With positive photoresist, the areas that were hit by light become soluble. UV exposure breaks the polymer chains in the resist (a process called chain scission), making those regions dissolve easily in the developer. The unexposed areas remain intact. The result is a resist pattern that matches the clear areas of the mask: light passes through, resist disappears.
Negative photoresist works in reverse. Light causes the polymer chains to cross-link and harden, making the exposed areas insoluble. The developer then washes away the unexposed regions, leaving behind a hardened copy of the pattern. This means you get the opposite tone from the same mask.
The developer solution for modern photoresists is typically a dilute alkaline solution at about 2 to 3% concentration. Development time and technique (puddle, spray, or immersion) are tightly controlled, since over-developing erodes the pattern edges and under-developing leaves residue behind.
Etching
With the resist pattern now sitting on the wafer surface, the exposed areas of the underlying material can be etched away. The remaining resist acts as a protective mask: wherever resist sits, the material underneath is shielded from the etchant.
Etching can be done with liquid chemicals (wet etching) or with reactive gases in a plasma chamber (dry etching). Wet etching is simpler but tends to undercut sideways beneath the resist, which limits how small the features can be. Dry etching, particularly reactive ion etching, can cut nearly straight down, producing the vertical sidewalls needed for modern chip features measured in nanometers.
After etching, the circuit pattern that was designed on the mask now exists as a physical structure in or on the wafer surface.
Resist Stripping
The final step removes all remaining photoresist from the wafer. This can be done with chemical solvents, plasma ashing (using oxygen plasma to burn off the organic resist), or a combination of both. The wafer surface must be completely clean afterward, because this entire sequence will be repeated dozens of times to build up the many layers of a modern chip.

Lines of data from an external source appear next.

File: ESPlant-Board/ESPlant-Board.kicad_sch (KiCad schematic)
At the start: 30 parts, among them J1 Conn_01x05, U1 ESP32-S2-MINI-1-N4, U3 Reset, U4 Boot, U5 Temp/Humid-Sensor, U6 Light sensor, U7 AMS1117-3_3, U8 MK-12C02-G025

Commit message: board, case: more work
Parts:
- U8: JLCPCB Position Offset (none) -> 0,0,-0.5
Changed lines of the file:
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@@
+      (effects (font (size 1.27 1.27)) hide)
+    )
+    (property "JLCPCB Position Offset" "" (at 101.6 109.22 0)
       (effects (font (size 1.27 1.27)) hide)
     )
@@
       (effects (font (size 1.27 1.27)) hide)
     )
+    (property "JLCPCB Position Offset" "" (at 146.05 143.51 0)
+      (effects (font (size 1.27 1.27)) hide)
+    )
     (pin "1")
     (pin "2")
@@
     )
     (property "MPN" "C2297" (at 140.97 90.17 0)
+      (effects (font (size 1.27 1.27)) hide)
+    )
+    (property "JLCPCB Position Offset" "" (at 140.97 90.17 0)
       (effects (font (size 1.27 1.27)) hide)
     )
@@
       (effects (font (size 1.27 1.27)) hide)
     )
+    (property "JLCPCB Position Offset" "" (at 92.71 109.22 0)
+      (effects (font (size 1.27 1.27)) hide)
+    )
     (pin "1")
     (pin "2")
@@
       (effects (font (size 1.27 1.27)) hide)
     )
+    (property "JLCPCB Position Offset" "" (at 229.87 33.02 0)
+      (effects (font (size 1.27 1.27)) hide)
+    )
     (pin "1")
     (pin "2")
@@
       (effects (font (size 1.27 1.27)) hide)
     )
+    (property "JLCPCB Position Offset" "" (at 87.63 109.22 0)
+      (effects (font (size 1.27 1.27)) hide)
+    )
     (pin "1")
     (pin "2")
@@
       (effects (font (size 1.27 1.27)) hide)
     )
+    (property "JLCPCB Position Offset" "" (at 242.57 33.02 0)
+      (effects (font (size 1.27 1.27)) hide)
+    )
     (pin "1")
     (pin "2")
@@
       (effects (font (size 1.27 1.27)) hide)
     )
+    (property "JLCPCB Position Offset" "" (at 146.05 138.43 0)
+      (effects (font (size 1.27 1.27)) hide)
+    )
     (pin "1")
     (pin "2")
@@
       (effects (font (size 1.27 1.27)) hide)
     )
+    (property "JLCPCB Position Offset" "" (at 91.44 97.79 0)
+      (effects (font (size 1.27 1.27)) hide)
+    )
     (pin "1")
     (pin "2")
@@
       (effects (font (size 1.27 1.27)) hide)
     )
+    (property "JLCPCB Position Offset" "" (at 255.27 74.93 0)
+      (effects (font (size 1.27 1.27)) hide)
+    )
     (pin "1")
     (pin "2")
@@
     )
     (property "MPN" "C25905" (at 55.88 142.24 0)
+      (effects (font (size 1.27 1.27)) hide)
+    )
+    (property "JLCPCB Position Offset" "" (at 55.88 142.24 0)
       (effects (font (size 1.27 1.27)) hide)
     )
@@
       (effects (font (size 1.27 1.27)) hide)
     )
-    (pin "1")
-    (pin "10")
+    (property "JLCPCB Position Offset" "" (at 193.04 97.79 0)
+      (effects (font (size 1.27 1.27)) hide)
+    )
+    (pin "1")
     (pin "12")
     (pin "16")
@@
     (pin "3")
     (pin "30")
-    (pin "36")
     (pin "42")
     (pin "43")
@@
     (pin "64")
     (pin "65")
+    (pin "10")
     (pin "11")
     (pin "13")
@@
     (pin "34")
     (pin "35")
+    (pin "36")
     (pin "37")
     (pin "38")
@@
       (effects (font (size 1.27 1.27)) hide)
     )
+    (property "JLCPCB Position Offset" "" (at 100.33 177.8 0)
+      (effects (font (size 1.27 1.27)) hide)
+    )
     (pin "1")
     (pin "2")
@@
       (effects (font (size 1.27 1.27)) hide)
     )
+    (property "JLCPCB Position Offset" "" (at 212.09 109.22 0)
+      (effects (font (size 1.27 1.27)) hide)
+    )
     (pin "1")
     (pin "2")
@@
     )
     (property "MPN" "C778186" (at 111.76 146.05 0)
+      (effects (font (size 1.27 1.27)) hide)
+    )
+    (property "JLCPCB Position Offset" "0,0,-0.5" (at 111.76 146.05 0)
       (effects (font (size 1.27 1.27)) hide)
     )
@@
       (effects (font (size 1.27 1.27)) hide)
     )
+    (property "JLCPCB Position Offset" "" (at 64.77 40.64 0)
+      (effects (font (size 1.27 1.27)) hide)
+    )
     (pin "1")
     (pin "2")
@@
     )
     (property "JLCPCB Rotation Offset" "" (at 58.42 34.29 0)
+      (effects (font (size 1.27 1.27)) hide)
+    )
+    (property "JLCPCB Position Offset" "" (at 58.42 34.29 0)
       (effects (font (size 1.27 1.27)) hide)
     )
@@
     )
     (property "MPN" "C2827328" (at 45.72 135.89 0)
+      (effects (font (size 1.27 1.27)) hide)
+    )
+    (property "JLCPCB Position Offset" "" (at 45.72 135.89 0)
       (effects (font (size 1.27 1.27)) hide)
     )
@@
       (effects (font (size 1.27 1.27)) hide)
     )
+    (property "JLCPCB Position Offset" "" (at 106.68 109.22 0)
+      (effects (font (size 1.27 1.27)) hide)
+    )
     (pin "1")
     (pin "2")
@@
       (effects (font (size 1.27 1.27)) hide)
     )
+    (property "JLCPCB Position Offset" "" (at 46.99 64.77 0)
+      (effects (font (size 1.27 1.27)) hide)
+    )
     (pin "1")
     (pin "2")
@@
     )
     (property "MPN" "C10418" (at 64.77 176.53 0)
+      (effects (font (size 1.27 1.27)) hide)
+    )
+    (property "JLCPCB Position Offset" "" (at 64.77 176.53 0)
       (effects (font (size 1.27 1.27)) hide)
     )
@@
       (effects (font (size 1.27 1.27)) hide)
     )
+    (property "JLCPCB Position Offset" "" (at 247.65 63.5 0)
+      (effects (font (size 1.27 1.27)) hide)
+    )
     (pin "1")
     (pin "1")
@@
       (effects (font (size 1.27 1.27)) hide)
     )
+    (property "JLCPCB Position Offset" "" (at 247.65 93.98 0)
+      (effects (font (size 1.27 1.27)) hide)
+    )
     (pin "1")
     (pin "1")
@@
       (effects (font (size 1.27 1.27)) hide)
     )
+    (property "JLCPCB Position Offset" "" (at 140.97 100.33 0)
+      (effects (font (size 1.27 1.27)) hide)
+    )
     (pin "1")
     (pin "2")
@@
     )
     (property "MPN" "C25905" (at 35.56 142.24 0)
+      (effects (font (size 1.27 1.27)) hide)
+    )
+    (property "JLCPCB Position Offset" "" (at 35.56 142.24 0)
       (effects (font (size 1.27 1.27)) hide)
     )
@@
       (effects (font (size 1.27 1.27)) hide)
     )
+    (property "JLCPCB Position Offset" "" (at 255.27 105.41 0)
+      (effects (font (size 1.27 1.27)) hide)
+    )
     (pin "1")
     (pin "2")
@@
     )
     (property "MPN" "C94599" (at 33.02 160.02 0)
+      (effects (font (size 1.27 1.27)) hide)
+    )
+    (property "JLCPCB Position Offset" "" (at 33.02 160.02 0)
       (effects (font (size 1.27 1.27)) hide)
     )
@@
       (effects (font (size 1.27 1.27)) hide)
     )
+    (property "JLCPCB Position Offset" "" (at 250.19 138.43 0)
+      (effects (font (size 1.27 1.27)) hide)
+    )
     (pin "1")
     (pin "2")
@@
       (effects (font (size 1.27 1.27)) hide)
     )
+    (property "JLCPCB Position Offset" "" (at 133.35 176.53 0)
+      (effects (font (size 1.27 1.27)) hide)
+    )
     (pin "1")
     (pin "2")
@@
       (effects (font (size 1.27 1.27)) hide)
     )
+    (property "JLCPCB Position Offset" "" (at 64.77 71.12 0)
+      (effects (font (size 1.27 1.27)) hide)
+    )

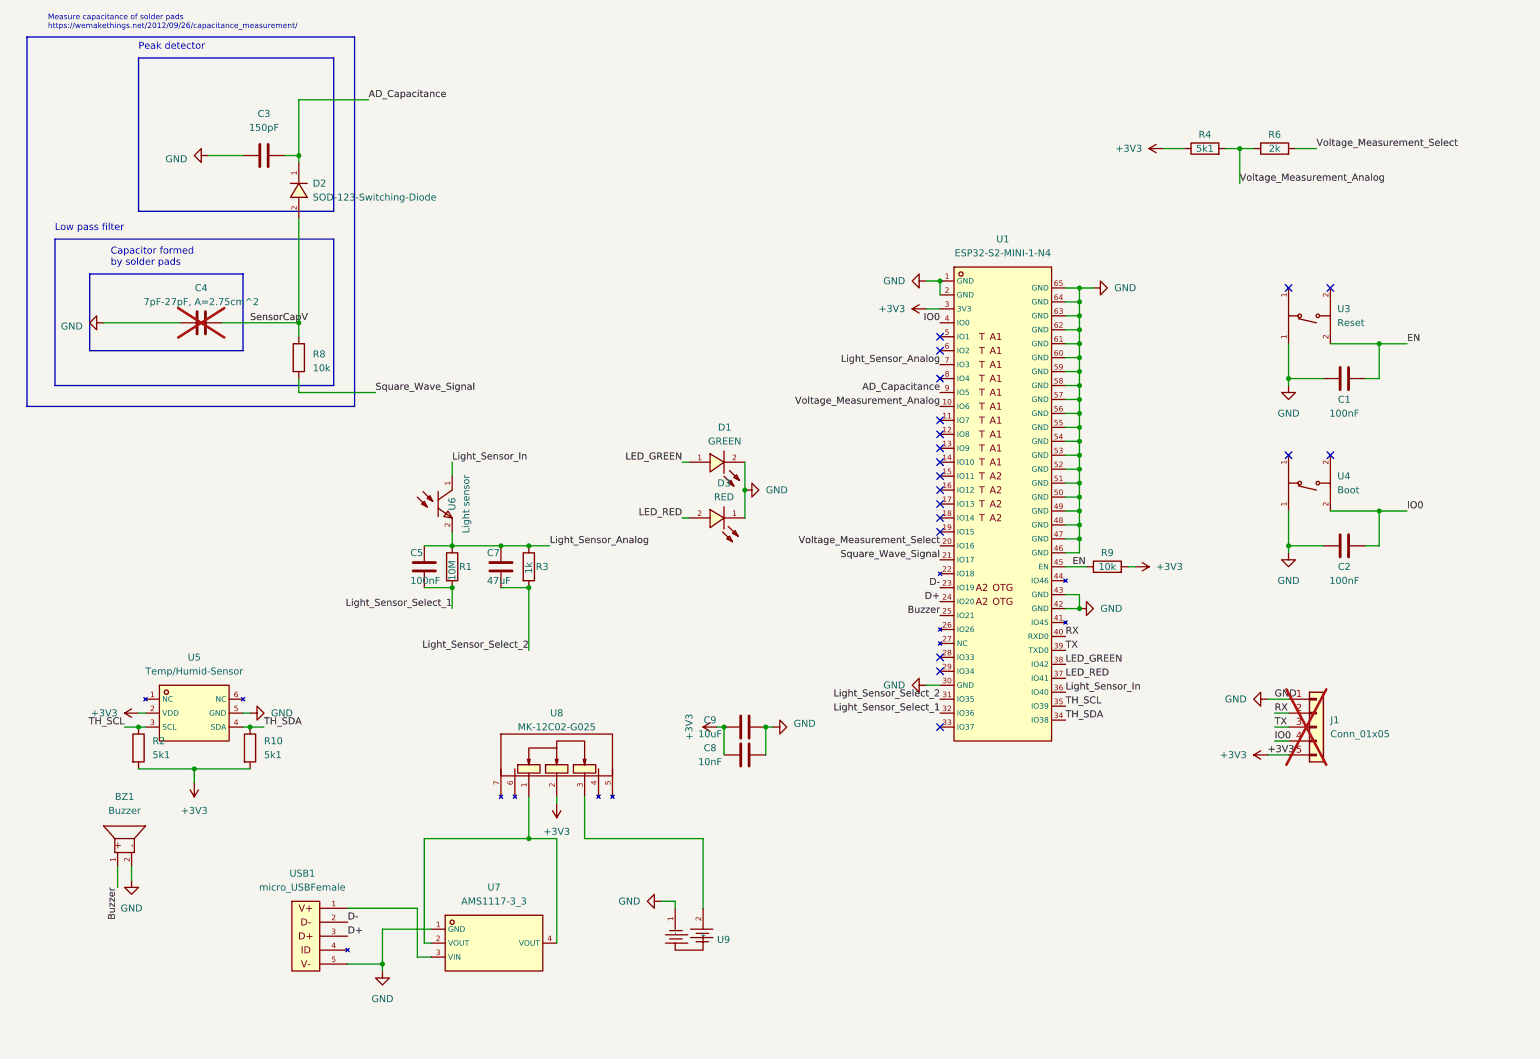
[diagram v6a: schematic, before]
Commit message: Board: changed to esp32-c6-mini-1-n4
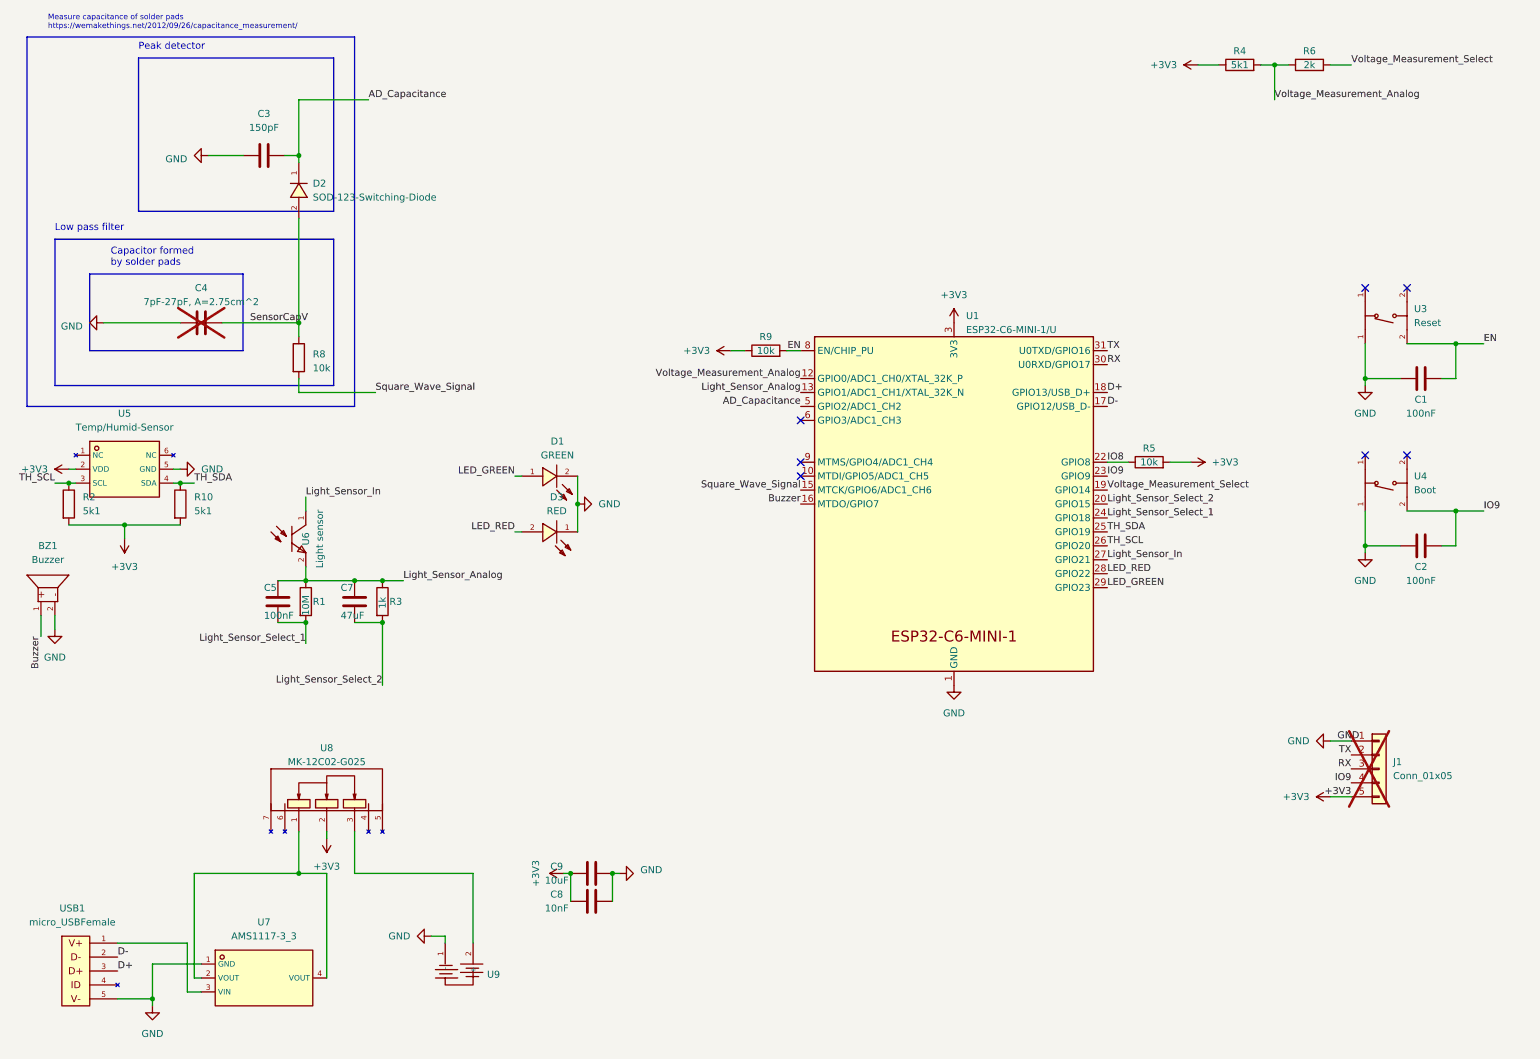
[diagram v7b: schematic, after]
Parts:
- removed U1: ESP32-S2-MINI-1-N4, CustomFootprints:WIFI-SMD_ESP32-MINI-1-N4, symbol Custom_Parts:ESP32-S2-MINI-1-N4
- added R5: 10k, Resistor_SMD:R_0402_1005Metric, symbol Device:R
- added U1: ESP32-C6-MINI-1/U, Espressif:ESP32-C6-MINI-1, symbol Espressif:ESP32-C6-MINI-1/U
- C4, J1, U9: LCSC (none) -> /; MPN (none) -> /
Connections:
- net IO0 is gone; now on net IO9: C2.2, J1.4 (Pin_4), U4.2 (D)
- net +3V3: now also R9.1, R5.2, U1.3 (3V3); no longer R9.2
- net AD_Capacitance: now also U1.5 (GPIO2/ADC1_CH2)
- net Buzzer: now also U1.16 (MTDO/GPIO7)
- net D+: now also U1.18 (GPIO13/USB_D+)
- net D-: now also U1.17 (GPIO12/USB_D-)
- net EN: now also R9.2, U1.8 (EN/CHIP_PU); no longer R9.1
- net GND: now also U1.1 (GND), U1.11 (GND), U1.14 (GND), U1.2 (GND), U1.36 (GND), U1.37 (GND), U1.38 (GND), U1.39 (GND), U1.40 (GND), U1.41 (GND), U1.42 (GND), U1.43 (GND), U1.44 (GND), U1.45 (GND), U1.46 (GND), U1.47 (GND), U1.48 (GND), U1.49 (GND), U1.50 (GND), U1.51 (GND), U1.52 (GND), U1.53 (GND)
- net LED_GREEN: now also U1.29 (GPIO23)
- net LED_RED: now also U1.28 (GPIO22)
- net Light_Sensor_Analog: now also U1.13 (GPIO1/ADC1_CH1/XTAL_32K_N)
- net Light_Sensor_In: now also U1.27 (GPIO21)
- net Light_Sensor_Select_1: now also U1.24 (GPIO18)
- net Light_Sensor_Select_2: now also U1.20 (GPIO15)
- net RX: now also J1.3 (Pin_3), U1.30 (U0RXD/GPIO17); no longer J1.2 (Pin_2)
- net Square_Wave_Signal: now also U1.15 (MTCK/GPIO6/ADC1_CH6)
- net TH_SCL: now also U1.26 (GPIO20)
- net TH_SDA: now also U1.25 (GPIO19)
- net TX: now also J1.2 (Pin_2), U1.31 (U0TXD/GPIO16); no longer J1.3 (Pin_3)
- net Voltage_Measurement_Analog: now also U1.12 (GPIO0/ADC1_CH0/XTAL_32K_P)
- net Voltage_Measurement_Select: now also U1.19 (GPIO14)
- net IO9: now reaches U4.2 (D)
- net IO9: now also U1.23 (GPIO9)
- new net IO8: R5.1, U1.22 (GPIO8)
- no-connect marks 19 -> 7
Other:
- moved on the sheet: BZ1, C1, C2, C5, C7, C8, C9, D1, D3, R1, R10, R2

Quality Checks Between Steps
Throughout the process, two measurements are critical. Critical dimension (CD) measurement verifies that the printed features are the correct width. Overlay measurement checks that each new layer aligns precisely with the layers beneath it. Both were traditionally measured on separate tools, but newer techniques can capture both simultaneously using specialized target patterns on the wafer. Overlay targets are typically 2 to 3 micrometers in size, far larger than the circuit features themselves, and are placed in dedicated measurement areas on each chip.
These checks happen at multiple points during the lithographic sequence, not just at the end. Catching an error after exposure but before etching, for instance, allows the resist to be stripped and the step repeated, saving the wafer from being scrapped entirely.